As to the control of nature, myths offer control in two ways.  The first is simply conceptual, to make chaos tangible.  The randomness and unreasonableness of unfavorable natural events can now be made sense of: the gods are unhappy.  The second is actual, in providing an opportunity to direct our efforts: there are things we can do to make the gods once again happy.  It is interesting to speculate as to whatever parallels may be found between the extreme, literal sacrifices to appease the gods, and our current “sacrifices” – I’m thinking of family, friends, hygiene – to learn something of the world in our respective field.  Is it merely the object of worship that has changed?  We should also note that to whatever extent mythological explanation borders on the religious, the “good” and “evil” of this ancient time is notably practical or literal; not yet infused with possibilities of inherent morality, good and evil are considerations of what is either good or evil for someone.

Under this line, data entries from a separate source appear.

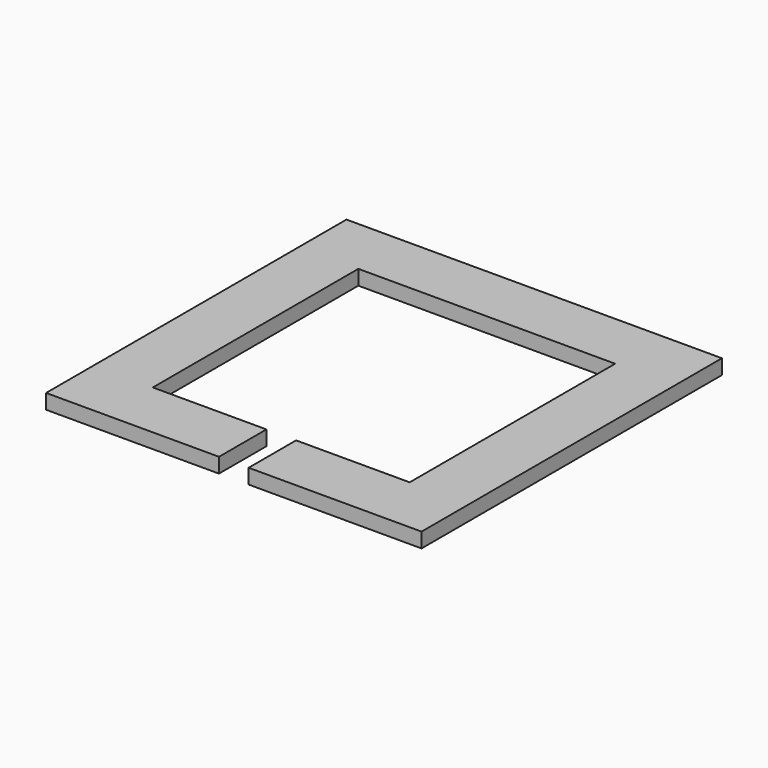
from build123d import *

# Parameters (mm, degrees)
F1_DEPTH = 3.175


# Not quite as in the source:
# - a length typed as a fraction of an inch, garbled in the dataset ("3 / 203.2 mm" for 3/8 in), is restored


with BuildPart() as f1:
    # F0 (on Top) → F1 (new body)
    with BuildSketch(Plane.XY):
        Polygon((40.2, 0), (-40.2, 0), (-40.2, -80.4), (-3.175, -80.4), (-3.175, -67.7), (-27.5, -67.7), (-27.5, -12.7), (27.5, -12.7), (27.5, -67.7), (3.175, -67.7), (3.175, -80.4), (40.2, -80.4), align=None)
    extrude(amount=F1_DEPTH)


solid = f1.part
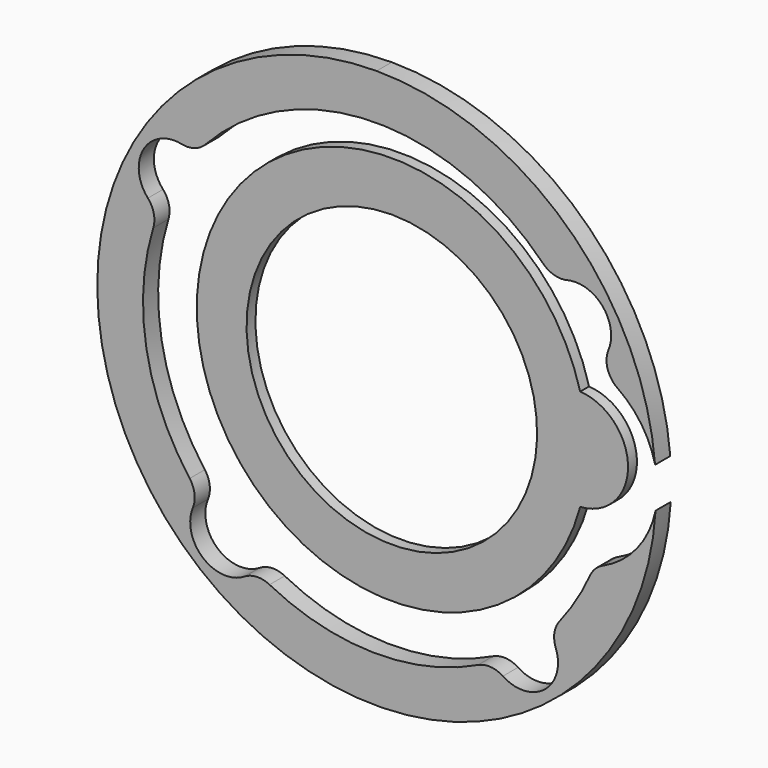
from build123d import *

# Parameters (mm, degrees)
F0_W           = 9.5
F0_H           = 9.8
F2_R           = 3.5
F3_DEPTH       = 25
F5_DEPTH       = 10
F7_SIZE        = 2
F8_DEPTH       = 25
F9_R           = 5
F10_DEPTH      = 6
F11_W          = 122.7332167327
F11_H          = 9.202274261
F11_W_2        = 118.1512214243
F11_H_2        = 11.7236196529
F12_DEPTH      = 75.5
F12_DEPTH_BACK = 118.2


# Not quite as in the source:
# - a feature names something its author has since deleted; it is built from what else it names


with BuildPart() as f1:
    # F0 (on Right) → F1 (revolve)
    with BuildSketch(Plane.YZ):
        Polygon((0, 15.2), (0, 28.6), (0, 38.4), (0, 55), (-3, 55), (-8, 55), (-8, 50), (-8, 39), (-8, 24.9987460632), (-8, 15.2), align=None)
        with Locations((4.75, 33.5)):
            Rectangle(F0_W, F0_H)
    revolve(axis=Axis((0, 5.6388881058, 0), (0, 1, 0)))

    # F2 (on face) → F3 (cut)
    with BuildSketch(Plane(origin=(0, 0, 0), x_dir=(-1, 0, 0), z_dir=(0, 1, 0))):
        with Locations((-28.6948903703, -35.9527921953)):
            Circle(F2_R)
        with Locations((39.8371685741, 23)):
            Circle(F2_R)
        with Locations((30.4043578574, -35.1233700587)):
            Circle(F2_R)
        with Locations((-39.5545513391, 23.3937592234)):
            Circle(F2_R)
    extrude(amount=-F3_DEPTH, mode=Mode.SUBTRACT)


with BuildPart() as f5:
    # F4 (on face) → F5 (new body)
    with BuildSketch(Plane(origin=(0, 9.5, 0), x_dir=(-1, 0, 0), z_dir=(0, 1, 0))):
        with BuildLine():
            ThreePointArc((-37.0795890411, -9.9831896979), (-38.4, 0), (-37.0795890411, 9.9831896979))
            ThreePointArc((-37.0795890411, 9.9831896979), (-46.5, 0), (-37.0795890411, -9.9831896979))
        make_face()
    extrude(amount=-F5_DEPTH)


with BuildPart() as f1_1:
    add(f1.part)

    # F6: union F5
    add(f5.part)

    # F7
    f7_edges = [f1_1.edges().sort_by_distance(p)[0] for p in [
        (-38.4, 9.5, 0),
        (46.5, 9.5, 0),
    ]]
    chamfer(f7_edges, length=F7_SIZE)

    # F2 (on face) → F8 (cut)
    with BuildSketch(Plane(origin=(0, 0, 0), x_dir=(-1, 0, 0), z_dir=(0, 1, 0))):
        with BuildLine():
            ThreePointArc((-32.758400191, 32.293764366), (-34.9517475646, 30.9945529981), (-37.5005356453, 30.9455407609))
            ThreePointArc((-37.5005356453, 30.9455407609), (-44.4666515342, 28.7024423136), (-45.6265051805, 21.4765859117))
            ThreePointArc((-45.6265051805, 21.4765859117), (-45.4543437959, 18.1543829003), (-47.4047637825, 15.4594739469))
            ThreePointArc((-47.4047637825, 15.4594739469), (-55.2129137143, -1.2460492891), (-44.5054093348, -16.2590790271))
            ThreePointArc((-44.5054093348, -16.2590790271), (-43.0175767772, -17.2873268137), (-41.9928754074, -18.7776040809))
            ThreePointArc((-41.9928754074, -18.7776040809), (-39.3121130623, -23.886351052), (-36.0129506984, -28.6193532771))
            ThreePointArc((-36.0129506984, -28.6193532771), (-34.9880846428, -30.9535281736), (-35.24718874, -33.4895857334))
            ThreePointArc((-35.24718874, -33.4895857334), (-33.0615041222, -41.4238692685), (-24.8400834669, -41.7957763419))
            ThreePointArc((-24.8400834669, -41.7957763419), (-22.424614561, -40.9807715296), (-19.9212921248, -41.4625387558))
            ThreePointArc((-19.9212921248, -41.4625387558), (0.6532544849, -45.9953612724), (21.0907724926, -40.8800601231))
            ThreePointArc((21.0907724926, -40.8800601231), (23.5794032698, -40.3273940989), (26.017043636, -41.0734720606))
            ThreePointArc((26.017043636, -41.0734720606), (34.224586227, -40.4682307198), (36.1840595318, -32.4750750957))
            ThreePointArc((36.1840595318, -32.4750750957), (35.8530371648, -29.9473988759), (36.8112004323, -27.585059774))
            ThreePointArc((36.8112004323, -27.585059774), (45.3165258085, -7.9001575079), (43.9739461252, 13.5015577685))
            ThreePointArc((43.9739461252, 13.5015577685), (43.8716778697, 16.0487648828), (45.038491918, 18.315319064))
            ThreePointArc((45.038491918, 18.315319064), (45.8993464006, 26.5), (38.3807775469, 29.8468186171))
            ThreePointArc((38.3807775469, 29.8468186171), (35.8344770228, 29.9696051004), (33.6796650808, 31.3317755649))
            ThreePointArc((33.6796650808, 31.3317755649), (0.6659863832, 45.9951786836), (-32.758400191, 32.293764366))
        make_face()
        with Locations((-28.6948903703, -35.9527921953)):
            Circle(F2_R, mode=Mode.SUBTRACT)
        with Locations((30.4043578574, -35.1233700587)):
            Circle(F2_R, mode=Mode.SUBTRACT)
        with Locations((-39.5545513391, 23.3937592234)):
            Circle(F2_R, mode=Mode.SUBTRACT)
        with Locations((39.8371685741, 23)):
            Circle(F2_R, mode=Mode.SUBTRACT)
    extrude(amount=-F8_DEPTH, mode=Mode.SUBTRACT)

    # F9 (on face) → F10 (cut)
    with BuildSketch(Plane.XZ.offset(8)):
        with Locations((-39.8371685741, 23)):
            Circle(F9_R)
        with Locations((28.6948903703, -35.9527921953)):
            Circle(F9_R)
    extrude(amount=-F10_DEPTH, mode=Mode.SUBTRACT)

    # F11 (on Top) → F12 (cut, two sides)
    with BuildSketch(Plane.XY) as f12_sk:
        with Locations((2.4499390274, -8.3294190699)):
            Rectangle(F11_W, F11_H)
        with Locations((1.2021679431, 8.0409679795)):
            Rectangle(F11_W_2, F11_H_2)
    extrude(amount=-F12_DEPTH, mode=Mode.SUBTRACT)
    extrude(f12_sk.sketch, amount=F12_DEPTH_BACK, mode=Mode.SUBTRACT)


solid = f1_1.part

Eventually with critical reflection, however, mythological explanation is swiftly disposed of.  Two new developments increase the capacity to reflect critically on these explanations; the advent of written record, and the use of slaves in agrarian society.  The former provides a mirror for one’s thoughts, while the latter provides the time for gazing.  What resulted was a societal awareness of myth not only as being made in man’s image, but also as being highly relative.  Xenophanes, most notably, criticizes the deities on these grounds.  And with this criticism becoming widespread, we have the mythological mode of thought dispelled and the observation- and reason-based mode takes its place.  And with it come the natural philosophers.